Slideshow image

“ Yet what we suffer now is nothing compared to the glory he will reveal to us later. 19 For all creation is waiting eagerly for that future day when God will reveal who his children really are.” ( Romans 8:18-19)

In this fifth week of the Lenten season we “Face the Cross “ by facing suffering.  We all suffer one way or another in this world.  Having faith in Jesus is not taking the easy way out either.  However, suffering can also make us more mature in our faith and bring us closer to God.  Through suffering we come to understand more fully that we are not as in control of our lives as we think we are and we must rely on God and others more than we think we should have to. 

Christian apologist and author Lee Strobel, in doing research for his book THE CASE FOR FAITH, once asked Barna researchers and pollsters to conduct a survey to determine the one question most people would want to ask God if given the opportunity.

"By far, the number one question that people wanted to ask God is 'Why He allows pain and suffering in this world?'"

In offering the world a theological answer to this question, it's important not only to explain the involvement of free-will and the consequences of the fall of human-kind.  We have all sinned and are all, therefore, deserving of God's judgment, which includes both physical and spiritual death (Romans 6:23).  This, alone, should humble us in the face of SUFFERING. Add to this the realization that God doesn't just sit back while we endure SUFFERING. God asks nothing of us that God hasn't asked of Himself.  This, even though we are deserving of our pain, while Jesus was not.  

For although the world suffers as a consequence of disobedience, God has also suffered as a consequence of God’s love for us. Jesus does not leave us here alone to suffer, but has come down and fully embraced our suffering, making it His own. 

Add to these considerations the fact that there is one thing Jesus suffered that has not been asked of us--to suffer, not for His own sin, but for the sins of others!  In light of all of this, we must let the bitter chill of unjustified resentment melt away, replaced by the warmth of eternal gratitude.

As John Stott has so eloquently articulated:

I could never myself believe in God, if it were not for the cross. The only God I believe in is the one Nietzsche ridiculed as “God on the Cross.” In the real world of pain, how could one worship a God who was immune to it? I have entered many Buddhist temples and stood respectfully before the statue of Buddha, his legs crossed, arms folded, eyes closed, the ghost of a smile playing round his mouth, a remote look on his face, detached from the agonies of the world. But each time after a while I have had to turn away. And in imagination I have turned instead to that lonely, twisted, tortured figure on the cross, nails through hands and feet, back lacerated, limbs wrenched, brow bleeding from thorn-pricks, mouth dry and intolerably thirsty, plunged in Godforsaken darkness. That is the God for me! He laid aside his immunity to pain. He entered our world of flesh and blood, tears and death. He suffered for us.

"For we do not have a high priest who is unable to empathize with our weaknesses, but we have one who has been tempted in every way, just as we are--yet he did not sin" (Hebrews 4:15).
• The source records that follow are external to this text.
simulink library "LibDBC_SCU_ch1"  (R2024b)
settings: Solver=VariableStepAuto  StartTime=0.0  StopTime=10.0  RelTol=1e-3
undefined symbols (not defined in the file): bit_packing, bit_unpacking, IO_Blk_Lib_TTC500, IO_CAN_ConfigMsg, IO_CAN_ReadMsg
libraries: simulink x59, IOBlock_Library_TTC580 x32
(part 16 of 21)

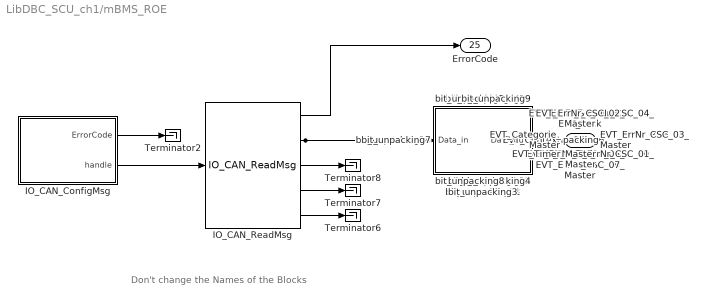
== system LibDBC_SCU_ch1/mBMS_ROE ==
  note: Don't change the Names of the Blocks
  IO_CAN_ConfigMsg : Subsystem  mask(IO_CAN_ConfigMsg_Code){SampleTime=-1, ttlib=IO_Blk_Lib_TTC500, ttDescription=IO_CAN_ConfigMsg, tt_iolib_version=0.19, channel=IO_CAN_CHANNEL_1, mode=IO_CAN_MSG_READ, id_format=IO_CAN_STD_FRAME, id=0x102, ac_mask=0x7FF}
      mask help: Configures a message object for the given CAN channel.
      mask init:
      | %
      mask Help: web(which('IO_CAN.h'))
      mask TypeOptions channel: IO_CAN_CHANNEL_0  | IO_CAN_CHANNEL_1 | IO_CAN_CHANNEL_2 | IO_CAN_CHANNEL_3 | IO_CAN_CHANNEL_4 | IO_CAN_CHANNEL_5 | IO_CAN_CHANNEL_6
      mask Callback channel: %
      mask TypeOptions mode: IO_CAN_MSG_READ | IO_CAN_MSG_WRITE
      mask Callback mode: %
      mask TypeOptions id_format: IO_CAN_STD_FRAME | IO_CAN_EXT_FRAME
      mask Callback id_format: %
      mask Callback id: %
      mask Callback ac_mask: %
  IO_CAN_ReadMsg : IOBlock_Library_TTC580/CAN  Blocks TTC580 IOlib/ReadMsg_CAN/IO_CAN_ReadMsg  SampleTime=-1  ttlib=IO_Blk_Lib_TTC500  ttDescription=IO_CAN_ReadMsg  tt_iolib_version=0.19
      settings: SourceProductName=I/O Blocklibrary for TTC580
  Terminator{2,6..8} (4 alike) : Terminator
  bit_unpacking1 : Subsystem  LoadFcn=|  mask(bit_unpacking_Code){SampleTime=-1, ttlib=IO_Blk_Lib_TTC500, ttDescription=bit_unpacking, tt_iolib_version=0.26, Endianness=little, Format=unsigned, Inversion=off, Startbit=0, Width_bits=5, Factor=1, Offset=0}
      | try
      | %
      | %Upgrade Information - standard BEGIN
      | new_color = 'blue';
      | new_ver = '0.26';
      | act_ver = get_param(gcb,'tt_iolib_version');
      | if not(strcmp(act_ver,new_ver))
      |     disp(['Upgrade block: ',gcb,char(10),'       Version: ',act_ver,' to ',new_ver]);
      |     %switch - case for specific upgrade information e.g. additional parameter required 
      |     %Change appearance and version information
      |     set_param(gcb,'ForegroundColor',new_color);
      |     set_param(gcb,'tt_iolib_version',new_ver);
      | end
      | %Upgrade Information - standard END
      | catch
      | %Standard catch section BEGIN
      | errordlg('An error occurred in a callback of the TTC580-BlockLib. Please open the Diagnostic Viewer for further details');
      | disp(' ');
      | disp('------------------------------------------------------------');
      | disp('An error occurred in a callback of the TTC580-BlockLib.');
      | disp(['Please check the parameters in the mask of ',gcb]);
      | disp('If you do not encounter any violations, then please '); 
      | disp('copy the following lines and report this to support@ttcontrol.com ');
      | disp('<< begin of error message dump >>');
      | disp(['Version of TTC580-BlockLib: ', get_param(gcb,'tt_iolib_version')]);
      | disp(get_param(gcb,'ttDescription'));
      | disp(gcb);
      | x=lasterror;disp(x.message);
      | disp(get_param(gcb,'MaskValues'));
      | disp(version);
      | disp(computer);
      | disp('<< end of error message dump >>');
      | disp('------------------------------------------------------------');
      | disp(' ');
      | %Standard catch section END
      | end
      mask help:
      | Block to read in CAN signal from a specified position within 64bit field.
      | For "Factor" and "Offset" the definition of Vector's CANdb applies:
      | [Physical value] = ( [Raw value] * [Factor] ) + [Offset]
      | with Raw value of a signal being the value as it is transmitted in the CAN-network
      | Verification capabilities are supported.
      mask init: same as LibDBC_SCU_ch1/EXT_BalancingRequest/bit_packing1
      mask Help: web([which('usermanual.html'),'#',lower(get_param(gcb,'ttDescription'))])
      mask TypeOptions Endianness: big | little
      mask Callback Endianness: %
      mask TypeOptions Format: unsigned | signed | real32
      mask Callback Format: %
      mask Callback Inversion: %
      mask Callback Startbit: %
      mask Callback Width_bits: %
      mask Callback Factor: %
      mask Callback Offset: %
  bit_unpacking10 : Subsystem  LoadFcn=|  mask(bit_unpacking_Code){SampleTime=-1, ttlib=IO_Blk_Lib_TTC500, ttDescription=bit_unpacking, tt_iolib_version=0.26, Endianness=little, Format=unsigned, Inversion=off, Startbit=8, Width_bits=8, Factor=1, Offset=0}
      | try
      | %
      | %Upgrade Information - standard BEGIN
      | new_color = 'blue';
      | new_ver = '0.26';
      | act_ver = get_param(gcb,'tt_iolib_version');
      | if not(strcmp(act_ver,new_ver))
      |     disp(['Upgrade block: ',gcb,char(10),'       Version: ',act_ver,' to ',new_ver]);
      |     %switch - case for specific upgrade information e.g. additional parameter required 
      |     %Change appearance and version information
      |     set_param(gcb,'ForegroundColor',new_color);
      |     set_param(gcb,'tt_iolib_version',new_ver);
      | end
      | %Upgrade Information - standard END
      | catch
      | %Standard catch section BEGIN
      | errordlg('An error occurred in a callback of the TTC580-BlockLib. Please open the Diagnostic Viewer for further details');
      | disp(' ');
      | disp('------------------------------------------------------------');
      | disp('An error occurred in a callback of the TTC580-BlockLib.');
      | disp(['Please check the parameters in the mask of ',gcb]);
      | disp('If you do not encounter any violations, then please '); 
      | disp('copy the following lines and report this to support@ttcontrol.com ');
      | disp('<< begin of error message dump >>');
      | disp(['Version of TTC580-BlockLib: ', get_param(gcb,'tt_iolib_version')]);
      | disp(get_param(gcb,'ttDescription'));
      | disp(gcb);
      | x=lasterror;disp(x.message);
      | disp(get_param(gcb,'MaskValues'));
      | disp(version);
      | disp(computer);
      | disp('<< end of error message dump >>');
      | disp('------------------------------------------------------------');
      | disp(' ');
      | %Standard catch section END
      | end
      mask help:
      | Block to read in CAN signal from a specified position within 64bit field.
      | For "Factor" and "Offset" the definition of Vector's CANdb applies:
      | [Physical value] = ( [Raw value] * [Factor] ) + [Offset]
      | with Raw value of a signal being the value as it is transmitted in the CAN-network
      | Verification capabilities are supported.
      mask init: same as LibDBC_SCU_ch1/EXT_BalancingRequest/bit_packing1
      mask Help: web([which('usermanual.html'),'#',lower(get_param(gcb,'ttDescription'))])
      mask TypeOptions Endianness: big | little
      mask Callback Endianness: %
      mask TypeOptions Format: unsigned | signed | real32
      mask Callback Format: %
      mask Callback Inversion: %
      mask Callback Startbit: %
      mask Callback Width_bits: %
      mask Callback Factor: %
      mask Callback Offset: %
  bit_unpacking11 : Subsystem  LoadFcn=|  mask(bit_unpacking_Code){SampleTime=-1, ttlib=IO_Blk_Lib_TTC500, ttDescription=bit_unpacking, tt_iolib_version=0.26, Endianness=little, Format=unsigned, Inversion=off, Startbit=8, Width_bits=8, Factor=1, Offset=0}
      | try
      | %
      | %Upgrade Information - standard BEGIN
      | new_color = 'blue';
      | new_ver = '0.26';
      | act_ver = get_param(gcb,'tt_iolib_version');
      | if not(strcmp(act_ver,new_ver))
      |     disp(['Upgrade block: ',gcb,char(10),'       Version: ',act_ver,' to ',new_ver]);
      |     %switch - case for specific upgrade information e.g. additional parameter required 
      |     %Change appearance and version information
      |     set_param(gcb,'ForegroundColor',new_color);
      |     set_param(gcb,'tt_iolib_version',new_ver);
      | end
      | %Upgrade Information - standard END
      | catch
      | %Standard catch section BEGIN
      | errordlg('An error occurred in a callback of the TTC580-BlockLib. Please open the Diagnostic Viewer for further details');
      | disp(' ');
      | disp('------------------------------------------------------------');
      | disp('An error occurred in a callback of the TTC580-BlockLib.');
      | disp(['Please check the parameters in the mask of ',gcb]);
      | disp('If you do not encounter any violations, then please '); 
      | disp('copy the following lines and report this to support@ttcontrol.com ');
      | disp('<< begin of error message dump >>');
      | disp(['Version of TTC580-BlockLib: ', get_param(gcb,'tt_iolib_version')]);
      | disp(get_param(gcb,'ttDescription'));
      | disp(gcb);
      | x=lasterror;disp(x.message);
      | disp(get_param(gcb,'MaskValues'));
      | disp(version);
      | disp(computer);
      | disp('<< end of error message dump >>');
      | disp('------------------------------------------------------------');
      | disp(' ');
      | %Standard catch section END
      | end
      mask help:
      | Block to read in CAN signal from a specified position within 64bit field.
      | For "Factor" and "Offset" the definition of Vector's CANdb applies:
      | [Physical value] = ( [Raw value] * [Factor] ) + [Offset]
      | with Raw value of a signal being the value as it is transmitted in the CAN-network
      | Verification capabilities are supported.
      mask init: same as LibDBC_SCU_ch1/EXT_BalancingRequest/bit_packing1
      mask Help: web([which('usermanual.html'),'#',lower(get_param(gcb,'ttDescription'))])
      mask TypeOptions Endianness: big | little
      mask Callback Endianness: %
      mask TypeOptions Format: unsigned | signed | real32
      mask Callback Format: %
      mask Callback Inversion: %
      mask Callback Startbit: %
      mask Callback Width_bits: %
      mask Callback Factor: %
      mask Callback Offset: %
  bit_unpacking12 : Subsystem  LoadFcn=|  mask(bit_unpacking_Code){SampleTime=-1, ttlib=IO_Blk_Lib_TTC500, ttDescription=bit_unpacking, tt_iolib_version=0.26, Endianness=little, Format=unsigned, Inversion=off, Startbit=8, Width_bits=8, Factor=1, Offset=0}
      | try
      | %
      | %Upgrade Information - standard BEGIN
      | new_color = 'blue';
      | new_ver = '0.26';
      | act_ver = get_param(gcb,'tt_iolib_version');
      | if not(strcmp(act_ver,new_ver))
      |     disp(['Upgrade block: ',gcb,char(10),'       Version: ',act_ver,' to ',new_ver]);
      |     %switch - case for specific upgrade information e.g. additional parameter required 
      |     %Change appearance and version information
      |     set_param(gcb,'ForegroundColor',new_color);
      |     set_param(gcb,'tt_iolib_version',new_ver);
      | end
      | %Upgrade Information - standard END
      | catch
      | %Standard catch section BEGIN
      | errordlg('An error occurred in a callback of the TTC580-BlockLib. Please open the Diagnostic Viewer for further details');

Enduring persecution and mocking for being Christian can be one of the toughest burdens to bear, but no matter how bad suffering gets, we need to remember that even when Jesus was being mocked and ridiculed on the cross, he did not sulk in suffering.  He looked outward as we can too.  Reach out to a specific person God has put into your path to help out with a problem.  When we look beyond ourselves, our own a personal suffering takes a back seat and we have a better view of the big picture, of God’s grand design for God’s people.